DESCRIPTION OF THE TASK:
Locate each line below that includes "sketch" and reproduce it.

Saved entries
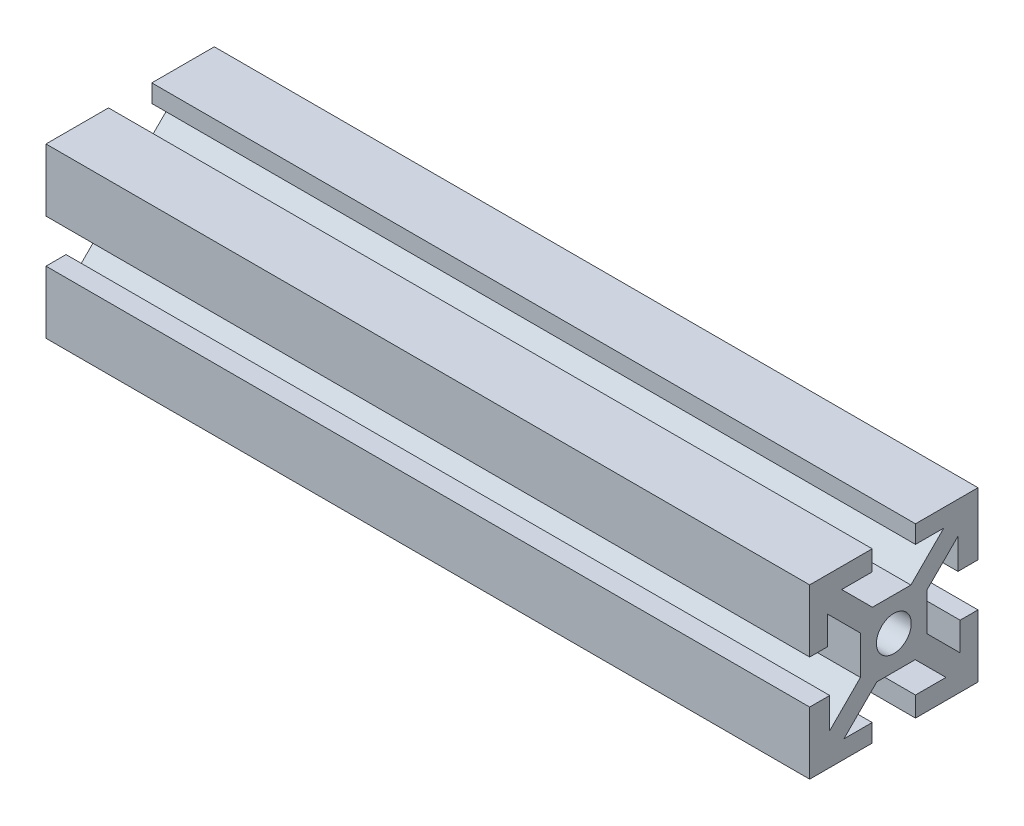
SolidWorks part; units mm, degrees
ref_plane "Front Plane" through (0, 0, 0) normal (0, 0, 1) x (1, 0, 0)
ref_plane "Top Plane" through (0, 0, 0) normal (0, 1, 0) x (1, 0, 0)
ref_plane "Right Plane" through (0, 0, 0) normal (1, 0, 0) x (0, 0, -1)
sketch "Sketch1" plane through (0, 0, 0) normal (1, 0, 0) x (0, 0, -1)
  line L0 (2.5534, 5) -> (7.4749, 9.9215)
  line L1 (-5, 5) -> (5, 5)
  line L2 (-5, 5) -> (-5, -5)
  line L3 (-5, -5) -> (5, -5)
  line L4 (5, 5) -> (5, -5)
  line L5 (-5, 5) -> (5, -5) construction
  line L6 (-5, -5) -> (5, 5) construction
  line L7 (7.4749, 9.9215) -> (9.5962, 7.8001)
  line L8 (9.5962, 7.8001) -> (5, 3.2039)
  line L9 (5, 5) -> (13.6489, 13.6489) construction
  line L10 (7.4749, 9.9215) -> (3.24, 9.9215)
  line L11 (3.24, 9.9215) -> (3.24, 12.5962)
  line L12 (3.24, 12.5962) -> (12.5962, 12.5962)
  line L13 (9.5962, 7.8001) -> (9.5962, 3.24)
  line L14 (9.5962, 3.24) -> (12.5962, 3.24)
  line L15 (12.5962, 3.24) -> (12.5962, 12.5962)
  line L17 (0, 0) -> (0, 24.089) construction
  line L18 (0, 0) -> (23.75, 0) construction
  circle A0 centre (0, 0) radius 2.605
  point P0 (0, 0)
  dimension "D1" = 5.21
  dimension "D2" = 10
  dimension "D3" = 10
  dimension "D4" = 3
  dimension "D5" = 1.27
  dimension "D6" = 6.5
  dimension "D7" = 3.24
  dimension "D8" = 3.24
  dimension "D9" = 3
extrude "Boss-Extrude1" add sketch "Sketch1" along normal blind 114.3 contours L4 L1 L2 L3 A0 | L8 L7 L0 L1 L4 | L14 L15 L12 L11 L10 L7 L13 region at (0, 4.8586, -3.7767) region at (0, 6.7479, -6.3823) region at (0, 9.18, -9.3105)
ref_axis "Axis1" through (0, 0, 0) along (1, 0, 0)
pattern_circular "CirPattern1" count 4 over 360 about axis through (0, 0, 0) along (1, 0, 0) of "Boss-Extrude1"

TASK RESULT:
sketch "Sketch1" plane through (0, 0, 0) normal (1, 0, 0) x (0, 0, -1)
extrude "Boss-Extrude1" add sketch "Sketch1" along normal blind 114.3 contours L4 L1 L2 L3 A0 | L8 L7 L0 L1 L4 | L14 L15 L12 L11 L10 L7 L13 region at (0, 4.8586, -3.7767) region at (0, 6.7479, -6.3823) region at (0, 9.18, -9.3105)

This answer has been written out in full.